### [Task to complete]
Every entry below should be written out again exactly.

※

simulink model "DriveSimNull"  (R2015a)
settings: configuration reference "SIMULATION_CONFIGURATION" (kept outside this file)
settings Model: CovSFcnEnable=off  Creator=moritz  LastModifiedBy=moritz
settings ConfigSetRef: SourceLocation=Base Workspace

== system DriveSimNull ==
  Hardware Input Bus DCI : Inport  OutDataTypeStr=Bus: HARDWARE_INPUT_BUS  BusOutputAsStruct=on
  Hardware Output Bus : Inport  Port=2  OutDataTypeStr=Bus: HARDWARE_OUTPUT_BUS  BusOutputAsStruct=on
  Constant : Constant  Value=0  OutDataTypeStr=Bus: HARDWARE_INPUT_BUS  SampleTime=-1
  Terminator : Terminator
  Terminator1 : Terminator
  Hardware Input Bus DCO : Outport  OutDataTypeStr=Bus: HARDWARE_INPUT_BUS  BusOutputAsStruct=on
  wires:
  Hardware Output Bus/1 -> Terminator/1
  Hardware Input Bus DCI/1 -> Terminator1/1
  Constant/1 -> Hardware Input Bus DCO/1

※

### [Your solution]
simulink model "DriveSimNull"  (R2015a)
settings: configuration reference "SIMULATION_CONFIGURATION" (kept outside this file)
settings Model: CovSFcnEnable=off  Creator=moritz  LastModifiedBy=moritz
settings ConfigSetRef: SourceLocation=Base Workspace

== system DriveSimNull ==
  Hardware Input Bus DCI : Inport  OutDataTypeStr=Bus: HARDWARE_INPUT_BUS  BusOutputAsStruct=on
  Hardware Output Bus : Inport  Port=2  OutDataTypeStr=Bus: HARDWARE_OUTPUT_BUS  BusOutputAsStruct=on
  Constant : Constant  Value=0  OutDataTypeStr=Bus: HARDWARE_INPUT_BUS  SampleTime=-1
  Terminator : Terminator
  Terminator1 : Terminator
  Hardware Input Bus DCO : Outport  OutDataTypeStr=Bus: HARDWARE_INPUT_BUS  BusOutputAsStruct=on
  wires:
  Hardware Output Bus/1 -> Terminator/1
  Hardware Input Bus DCI/1 -> Terminator1/1
  Constant/1 -> Hardware Input Bus DCO/1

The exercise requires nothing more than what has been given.